Trostberg/Rosenheim – Die möglicherweise mit Plastikteilen verunreinigten Salami-Wurstwaren des Trostberger Unternehmens Chiemgauer Naturfleisch (wir berichteten) sind unter anderem an Biomärkte in den Landkreisen Rosenheim, Traunstein und Mühldorf geliefert worden. Das bestätigte der Hersteller auf Anfrage der OVB-Heimatzeitungen. Normale Supermärkte hingegen bieten nach Angaben von Dino Wirth, Marketingleiter bei Chiemgauer Naturfleisch, keine Produkte des Trostberger Bioherstellers an.

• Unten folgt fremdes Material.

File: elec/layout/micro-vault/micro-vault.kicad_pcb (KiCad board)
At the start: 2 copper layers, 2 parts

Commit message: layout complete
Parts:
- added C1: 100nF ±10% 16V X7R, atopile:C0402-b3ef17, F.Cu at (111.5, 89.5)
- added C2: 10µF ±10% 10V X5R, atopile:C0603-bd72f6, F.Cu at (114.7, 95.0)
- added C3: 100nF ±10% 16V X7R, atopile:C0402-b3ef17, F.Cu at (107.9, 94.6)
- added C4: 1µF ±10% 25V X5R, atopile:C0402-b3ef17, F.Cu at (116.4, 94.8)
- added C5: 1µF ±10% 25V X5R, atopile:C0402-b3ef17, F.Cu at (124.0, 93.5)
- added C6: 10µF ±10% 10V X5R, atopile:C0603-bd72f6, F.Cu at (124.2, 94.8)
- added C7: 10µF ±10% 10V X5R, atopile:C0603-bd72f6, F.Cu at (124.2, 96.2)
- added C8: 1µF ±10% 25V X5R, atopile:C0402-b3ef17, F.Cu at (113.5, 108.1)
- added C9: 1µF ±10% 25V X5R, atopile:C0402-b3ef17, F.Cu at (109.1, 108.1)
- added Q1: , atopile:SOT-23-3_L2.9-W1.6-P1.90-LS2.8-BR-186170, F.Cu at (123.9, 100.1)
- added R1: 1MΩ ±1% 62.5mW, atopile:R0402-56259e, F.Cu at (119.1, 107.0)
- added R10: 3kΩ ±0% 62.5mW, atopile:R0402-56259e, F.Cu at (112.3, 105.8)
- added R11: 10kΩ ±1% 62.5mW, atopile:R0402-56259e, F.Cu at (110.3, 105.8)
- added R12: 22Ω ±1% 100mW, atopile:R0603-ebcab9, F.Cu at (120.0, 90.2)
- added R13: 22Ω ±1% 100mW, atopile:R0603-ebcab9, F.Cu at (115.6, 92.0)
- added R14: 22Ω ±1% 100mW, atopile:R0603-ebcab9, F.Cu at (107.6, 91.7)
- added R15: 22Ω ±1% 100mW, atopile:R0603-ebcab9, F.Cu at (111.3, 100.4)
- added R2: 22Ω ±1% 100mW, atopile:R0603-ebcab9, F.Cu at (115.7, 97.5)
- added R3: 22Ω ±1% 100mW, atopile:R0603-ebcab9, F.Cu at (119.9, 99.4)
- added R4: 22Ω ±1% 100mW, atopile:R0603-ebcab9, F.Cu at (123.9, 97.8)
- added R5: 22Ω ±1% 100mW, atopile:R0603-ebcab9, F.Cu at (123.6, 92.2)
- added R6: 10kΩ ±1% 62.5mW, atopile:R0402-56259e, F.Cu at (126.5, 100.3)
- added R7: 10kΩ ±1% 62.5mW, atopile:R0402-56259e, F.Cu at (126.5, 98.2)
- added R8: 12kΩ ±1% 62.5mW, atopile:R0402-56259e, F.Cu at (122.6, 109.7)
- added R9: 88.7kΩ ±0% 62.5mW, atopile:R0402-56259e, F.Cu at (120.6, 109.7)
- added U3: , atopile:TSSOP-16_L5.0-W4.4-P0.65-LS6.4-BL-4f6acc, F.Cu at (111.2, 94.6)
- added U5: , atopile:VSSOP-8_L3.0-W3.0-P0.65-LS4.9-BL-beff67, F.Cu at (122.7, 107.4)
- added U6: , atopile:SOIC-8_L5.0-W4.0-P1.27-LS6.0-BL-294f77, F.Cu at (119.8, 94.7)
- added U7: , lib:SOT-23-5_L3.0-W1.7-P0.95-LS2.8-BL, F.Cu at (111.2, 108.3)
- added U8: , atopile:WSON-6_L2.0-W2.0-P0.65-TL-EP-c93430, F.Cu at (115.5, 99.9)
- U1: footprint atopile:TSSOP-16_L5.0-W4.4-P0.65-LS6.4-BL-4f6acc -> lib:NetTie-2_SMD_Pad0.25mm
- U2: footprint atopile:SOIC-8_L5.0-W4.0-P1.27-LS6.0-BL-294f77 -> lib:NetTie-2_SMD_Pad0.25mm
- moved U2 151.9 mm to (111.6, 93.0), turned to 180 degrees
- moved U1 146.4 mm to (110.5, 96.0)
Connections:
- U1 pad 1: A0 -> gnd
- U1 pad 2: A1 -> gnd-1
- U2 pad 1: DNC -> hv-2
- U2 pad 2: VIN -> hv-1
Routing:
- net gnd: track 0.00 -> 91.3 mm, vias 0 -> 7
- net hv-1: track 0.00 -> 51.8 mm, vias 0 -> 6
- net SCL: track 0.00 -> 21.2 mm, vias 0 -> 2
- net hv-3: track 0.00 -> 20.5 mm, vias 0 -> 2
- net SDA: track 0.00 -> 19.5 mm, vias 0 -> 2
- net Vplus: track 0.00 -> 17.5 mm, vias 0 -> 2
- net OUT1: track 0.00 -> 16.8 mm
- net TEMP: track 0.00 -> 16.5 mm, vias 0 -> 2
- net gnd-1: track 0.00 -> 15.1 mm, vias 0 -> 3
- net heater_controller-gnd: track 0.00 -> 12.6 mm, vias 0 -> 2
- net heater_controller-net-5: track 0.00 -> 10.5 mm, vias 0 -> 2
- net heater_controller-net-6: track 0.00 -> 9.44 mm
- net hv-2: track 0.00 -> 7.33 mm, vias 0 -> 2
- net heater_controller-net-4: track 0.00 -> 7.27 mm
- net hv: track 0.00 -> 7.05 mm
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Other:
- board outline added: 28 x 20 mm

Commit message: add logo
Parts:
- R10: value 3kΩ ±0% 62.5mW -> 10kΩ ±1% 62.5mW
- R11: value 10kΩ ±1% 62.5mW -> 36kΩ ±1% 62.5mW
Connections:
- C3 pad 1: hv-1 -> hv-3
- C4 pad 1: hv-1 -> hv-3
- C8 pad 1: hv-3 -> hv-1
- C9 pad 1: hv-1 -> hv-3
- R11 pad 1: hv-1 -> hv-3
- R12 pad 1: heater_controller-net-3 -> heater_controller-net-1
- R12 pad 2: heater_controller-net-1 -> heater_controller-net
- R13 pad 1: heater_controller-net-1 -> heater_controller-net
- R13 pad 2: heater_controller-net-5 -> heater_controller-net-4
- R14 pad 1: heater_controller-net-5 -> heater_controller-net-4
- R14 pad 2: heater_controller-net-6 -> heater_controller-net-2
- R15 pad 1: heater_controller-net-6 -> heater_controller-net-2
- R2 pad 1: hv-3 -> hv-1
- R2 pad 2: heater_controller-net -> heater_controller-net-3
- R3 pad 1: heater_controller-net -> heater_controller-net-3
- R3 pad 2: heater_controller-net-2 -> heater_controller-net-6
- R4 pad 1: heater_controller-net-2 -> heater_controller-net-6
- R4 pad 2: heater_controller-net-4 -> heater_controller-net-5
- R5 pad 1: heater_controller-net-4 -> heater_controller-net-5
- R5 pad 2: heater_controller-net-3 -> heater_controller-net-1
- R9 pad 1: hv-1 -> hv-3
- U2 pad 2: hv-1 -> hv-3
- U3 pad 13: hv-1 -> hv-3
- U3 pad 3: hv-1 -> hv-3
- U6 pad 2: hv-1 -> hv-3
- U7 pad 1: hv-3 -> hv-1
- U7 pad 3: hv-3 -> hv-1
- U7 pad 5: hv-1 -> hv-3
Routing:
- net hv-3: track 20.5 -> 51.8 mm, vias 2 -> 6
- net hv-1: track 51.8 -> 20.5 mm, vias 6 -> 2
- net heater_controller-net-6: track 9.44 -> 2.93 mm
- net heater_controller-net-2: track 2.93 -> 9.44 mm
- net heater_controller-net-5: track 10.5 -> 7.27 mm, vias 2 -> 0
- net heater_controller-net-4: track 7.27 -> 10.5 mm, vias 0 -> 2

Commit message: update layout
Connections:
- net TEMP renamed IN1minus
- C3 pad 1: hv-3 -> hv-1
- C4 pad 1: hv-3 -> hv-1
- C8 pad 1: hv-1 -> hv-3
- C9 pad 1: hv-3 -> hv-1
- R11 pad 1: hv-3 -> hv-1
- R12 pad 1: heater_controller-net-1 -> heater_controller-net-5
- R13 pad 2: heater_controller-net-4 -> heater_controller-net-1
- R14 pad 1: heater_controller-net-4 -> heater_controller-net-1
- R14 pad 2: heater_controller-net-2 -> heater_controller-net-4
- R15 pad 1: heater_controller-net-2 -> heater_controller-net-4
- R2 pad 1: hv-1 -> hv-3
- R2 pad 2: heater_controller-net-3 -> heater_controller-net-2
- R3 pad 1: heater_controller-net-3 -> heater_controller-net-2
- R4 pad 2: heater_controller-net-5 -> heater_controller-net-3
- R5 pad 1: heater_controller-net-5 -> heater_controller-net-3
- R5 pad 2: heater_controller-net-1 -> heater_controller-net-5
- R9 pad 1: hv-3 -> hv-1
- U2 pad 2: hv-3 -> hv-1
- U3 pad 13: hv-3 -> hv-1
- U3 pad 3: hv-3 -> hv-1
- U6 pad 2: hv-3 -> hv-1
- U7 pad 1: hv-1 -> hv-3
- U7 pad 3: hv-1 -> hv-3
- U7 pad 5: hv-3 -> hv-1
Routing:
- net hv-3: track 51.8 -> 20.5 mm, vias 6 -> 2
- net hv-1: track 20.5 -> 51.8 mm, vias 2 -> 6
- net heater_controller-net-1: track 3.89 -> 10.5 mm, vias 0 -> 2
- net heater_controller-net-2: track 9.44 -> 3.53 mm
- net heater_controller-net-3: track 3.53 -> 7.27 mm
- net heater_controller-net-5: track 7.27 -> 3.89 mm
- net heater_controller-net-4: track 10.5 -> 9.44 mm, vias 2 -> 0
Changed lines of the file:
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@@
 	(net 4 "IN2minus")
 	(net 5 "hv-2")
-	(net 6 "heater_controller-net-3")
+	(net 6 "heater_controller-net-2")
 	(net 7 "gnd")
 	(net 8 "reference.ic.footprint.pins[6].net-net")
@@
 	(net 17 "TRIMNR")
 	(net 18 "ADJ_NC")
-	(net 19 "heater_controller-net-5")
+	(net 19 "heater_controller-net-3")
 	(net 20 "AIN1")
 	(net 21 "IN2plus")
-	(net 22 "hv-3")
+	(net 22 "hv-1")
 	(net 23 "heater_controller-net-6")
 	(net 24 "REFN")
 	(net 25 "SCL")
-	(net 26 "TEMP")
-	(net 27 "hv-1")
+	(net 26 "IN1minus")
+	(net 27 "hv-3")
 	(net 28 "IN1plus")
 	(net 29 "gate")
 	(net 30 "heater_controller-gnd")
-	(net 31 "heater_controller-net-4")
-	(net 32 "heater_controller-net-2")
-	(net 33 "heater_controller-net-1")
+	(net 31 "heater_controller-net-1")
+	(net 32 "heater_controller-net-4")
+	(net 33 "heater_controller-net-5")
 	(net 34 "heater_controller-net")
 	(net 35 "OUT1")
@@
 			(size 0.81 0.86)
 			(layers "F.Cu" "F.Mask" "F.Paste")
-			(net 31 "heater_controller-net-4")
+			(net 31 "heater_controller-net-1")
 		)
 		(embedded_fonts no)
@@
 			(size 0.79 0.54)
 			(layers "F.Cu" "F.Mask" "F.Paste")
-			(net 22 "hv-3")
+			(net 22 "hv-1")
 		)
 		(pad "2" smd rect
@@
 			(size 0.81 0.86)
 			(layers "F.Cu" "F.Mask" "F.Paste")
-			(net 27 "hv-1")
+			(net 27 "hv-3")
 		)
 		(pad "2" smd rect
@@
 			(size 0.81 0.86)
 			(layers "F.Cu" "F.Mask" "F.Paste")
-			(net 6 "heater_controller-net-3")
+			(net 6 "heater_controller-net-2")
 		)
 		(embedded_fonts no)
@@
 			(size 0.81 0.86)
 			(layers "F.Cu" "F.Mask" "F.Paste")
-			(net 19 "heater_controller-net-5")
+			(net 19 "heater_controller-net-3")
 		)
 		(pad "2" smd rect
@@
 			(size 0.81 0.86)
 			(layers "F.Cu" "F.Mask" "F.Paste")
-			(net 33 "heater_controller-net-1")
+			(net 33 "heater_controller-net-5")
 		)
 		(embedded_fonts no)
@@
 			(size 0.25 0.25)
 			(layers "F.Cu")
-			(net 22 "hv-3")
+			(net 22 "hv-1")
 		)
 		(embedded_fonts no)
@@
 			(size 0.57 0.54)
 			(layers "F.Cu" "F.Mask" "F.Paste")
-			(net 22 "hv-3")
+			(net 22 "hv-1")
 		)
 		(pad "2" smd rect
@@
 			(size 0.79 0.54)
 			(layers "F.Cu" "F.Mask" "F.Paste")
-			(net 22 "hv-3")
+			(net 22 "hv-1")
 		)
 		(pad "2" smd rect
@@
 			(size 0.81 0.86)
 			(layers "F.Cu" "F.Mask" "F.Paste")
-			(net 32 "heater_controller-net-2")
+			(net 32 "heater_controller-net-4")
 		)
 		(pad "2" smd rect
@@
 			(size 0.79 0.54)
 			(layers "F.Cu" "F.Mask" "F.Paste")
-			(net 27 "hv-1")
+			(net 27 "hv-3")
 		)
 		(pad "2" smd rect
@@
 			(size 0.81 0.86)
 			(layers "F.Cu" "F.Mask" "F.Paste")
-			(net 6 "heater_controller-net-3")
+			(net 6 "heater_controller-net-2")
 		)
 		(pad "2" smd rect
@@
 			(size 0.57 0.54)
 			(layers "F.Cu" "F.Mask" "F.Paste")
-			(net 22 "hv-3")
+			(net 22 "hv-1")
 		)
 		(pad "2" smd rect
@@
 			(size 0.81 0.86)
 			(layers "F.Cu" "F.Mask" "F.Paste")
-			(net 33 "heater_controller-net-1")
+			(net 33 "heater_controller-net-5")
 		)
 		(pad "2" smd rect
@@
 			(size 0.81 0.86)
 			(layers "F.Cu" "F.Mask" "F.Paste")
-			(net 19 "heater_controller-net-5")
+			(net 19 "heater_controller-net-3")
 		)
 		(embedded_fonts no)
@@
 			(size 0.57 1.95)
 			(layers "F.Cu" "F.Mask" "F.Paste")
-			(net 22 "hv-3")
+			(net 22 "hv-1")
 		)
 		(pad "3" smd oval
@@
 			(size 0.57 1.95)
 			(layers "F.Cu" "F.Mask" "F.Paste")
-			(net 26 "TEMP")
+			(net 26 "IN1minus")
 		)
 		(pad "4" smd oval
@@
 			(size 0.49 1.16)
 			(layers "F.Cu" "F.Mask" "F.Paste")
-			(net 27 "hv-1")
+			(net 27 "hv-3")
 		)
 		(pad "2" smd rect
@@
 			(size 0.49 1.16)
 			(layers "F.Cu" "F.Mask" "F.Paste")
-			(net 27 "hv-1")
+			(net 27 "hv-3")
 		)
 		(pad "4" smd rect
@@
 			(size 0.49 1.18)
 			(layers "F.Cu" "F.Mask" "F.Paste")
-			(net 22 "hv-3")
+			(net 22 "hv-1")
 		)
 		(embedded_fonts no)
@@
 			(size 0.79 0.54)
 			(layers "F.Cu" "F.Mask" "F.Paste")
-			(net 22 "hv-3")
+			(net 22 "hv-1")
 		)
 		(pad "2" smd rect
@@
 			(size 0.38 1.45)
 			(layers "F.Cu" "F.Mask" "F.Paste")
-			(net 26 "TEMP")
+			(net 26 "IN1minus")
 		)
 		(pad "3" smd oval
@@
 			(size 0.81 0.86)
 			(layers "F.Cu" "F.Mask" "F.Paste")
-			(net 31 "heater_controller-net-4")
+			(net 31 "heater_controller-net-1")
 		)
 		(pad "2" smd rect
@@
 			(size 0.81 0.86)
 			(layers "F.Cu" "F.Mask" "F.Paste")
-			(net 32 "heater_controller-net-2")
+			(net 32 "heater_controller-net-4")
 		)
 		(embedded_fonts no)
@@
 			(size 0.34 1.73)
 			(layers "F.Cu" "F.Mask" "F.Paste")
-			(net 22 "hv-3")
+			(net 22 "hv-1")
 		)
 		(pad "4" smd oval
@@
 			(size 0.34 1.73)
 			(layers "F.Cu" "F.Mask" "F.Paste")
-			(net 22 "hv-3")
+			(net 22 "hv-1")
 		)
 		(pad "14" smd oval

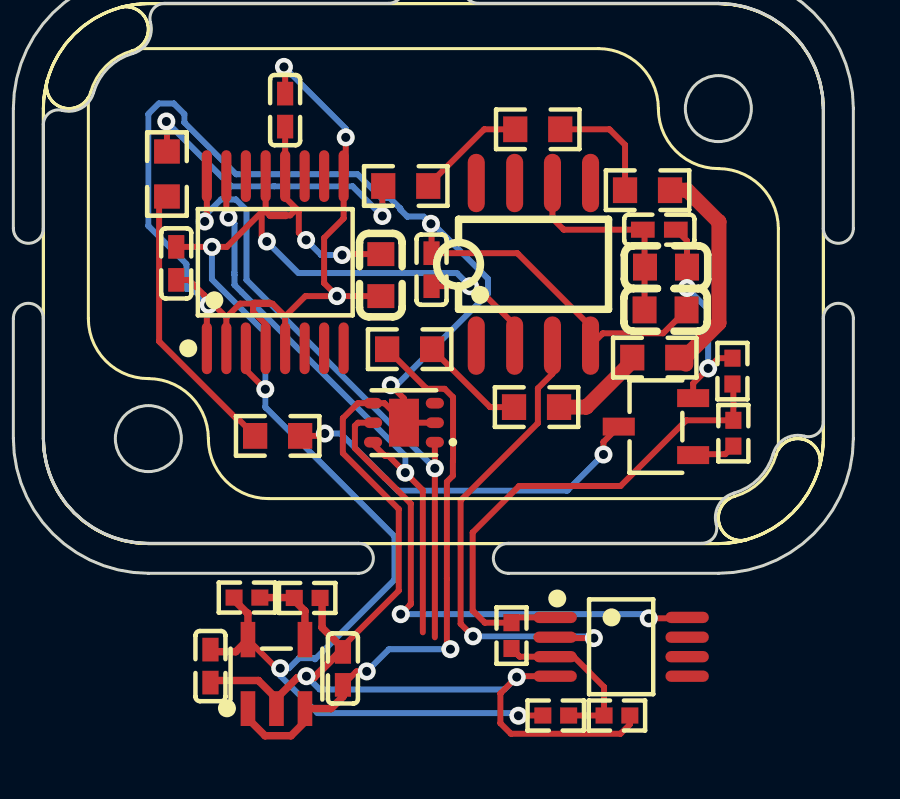
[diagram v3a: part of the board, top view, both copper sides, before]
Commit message: attach reference input to ADC
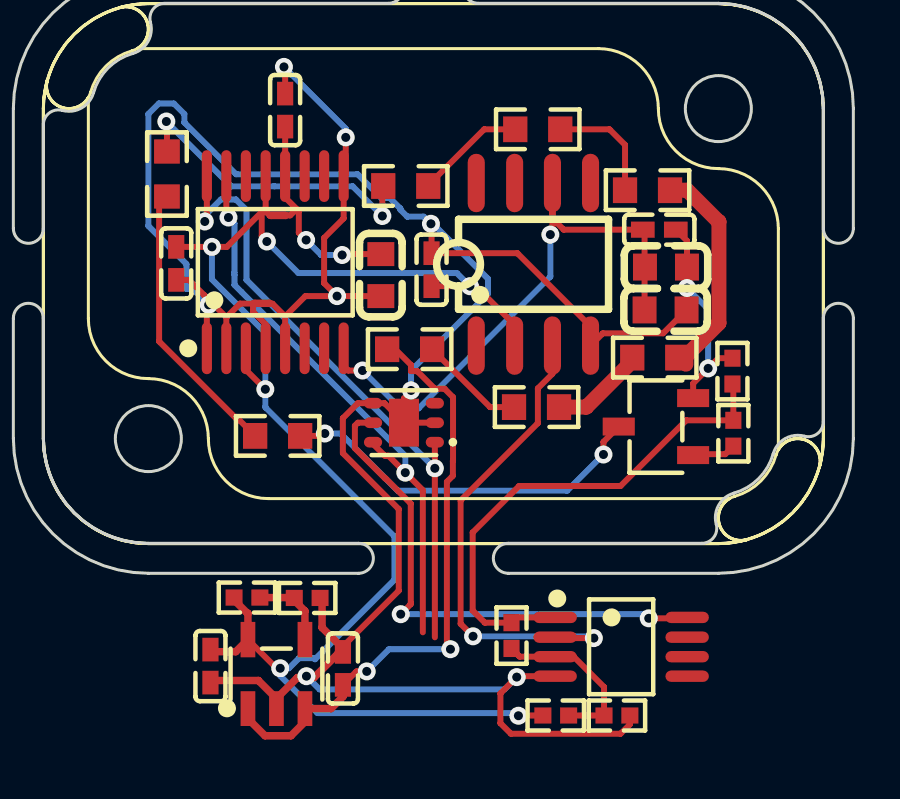
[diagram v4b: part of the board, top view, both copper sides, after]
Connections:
- C1 pad 2: gnd-1 -> gnd
- C2 pad 2: gnd-1 -> gnd
- C3 pad 1: hv-1 -> hv
- C4 pad 1: hv-1 -> hv
- C5 pad 1: hv -> hv-3
- C6 pad 1: hv -> hv-3
- C7 pad 1: hv -> hv-3
- C8 pad 1: hv-3 -> hv-1
- C9 pad 1: hv-1 -> hv
- R11 pad 1: hv-1 -> hv
- R12 pad 1: heater_controller-net-5 -> heater_controller-net-6
- R12 pad 2: heater_controller-net -> heater_controller-net-2
- R13 pad 1: heater_controller-net -> heater_controller-net-2
- R13 pad 2: heater_controller-net-1 -> heater_controller-net-4
- R14 pad 1: heater_controller-net-1 -> heater_controller-net-4
- R14 pad 2: heater_controller-net-4 -> heater_controller-net-5
- R15 pad 1: heater_controller-net-4 -> heater_controller-net-5
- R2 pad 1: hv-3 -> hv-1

Betroffen sind zwei Produkte: Die Rindersalami (geschnitten, 65 Gramm) mit den Chargennummern BEGZH (Mindesthaltbarkeitsdatum 10. bis 13. November) und BEHHD (Mindesthaltbarkeitsdatum 13. bis 15. November) sowie die Edelsalami (Stange, circa 150 Gramm) mit den Chargennummern BEDWK (Mindesthaltbarkeitsdatum 24. bis 25. Oktober) und BEEPT (Mindesthaltbarkeitsdatum 25. Oktober bis 5. November). Wie viele Einzelprodukte die zurückgerufenen Chargen umfassen, dazu wollte sich das Unternehmen nicht äußern.

In einem Rindersalami-Päckchen sowie in zwei Stangen der Edelsalami sind bislang rund zwei bis drei Millimeter große Plastikteile in den Farben Rot oder Blau gefunden worden. Bei den Plastikteilchen handelt es sich um Absplitterungen von Plastikboxen, mit denen im Betrieb „nicht so gearbeitet worden ist, wie es die Vorgaben vorschreiben“, wie Wirth erklärte. Das Unternehmen habe mittlerweile aber sichergestellt, dass ein derartiger Fehler nicht mehr passieren könne.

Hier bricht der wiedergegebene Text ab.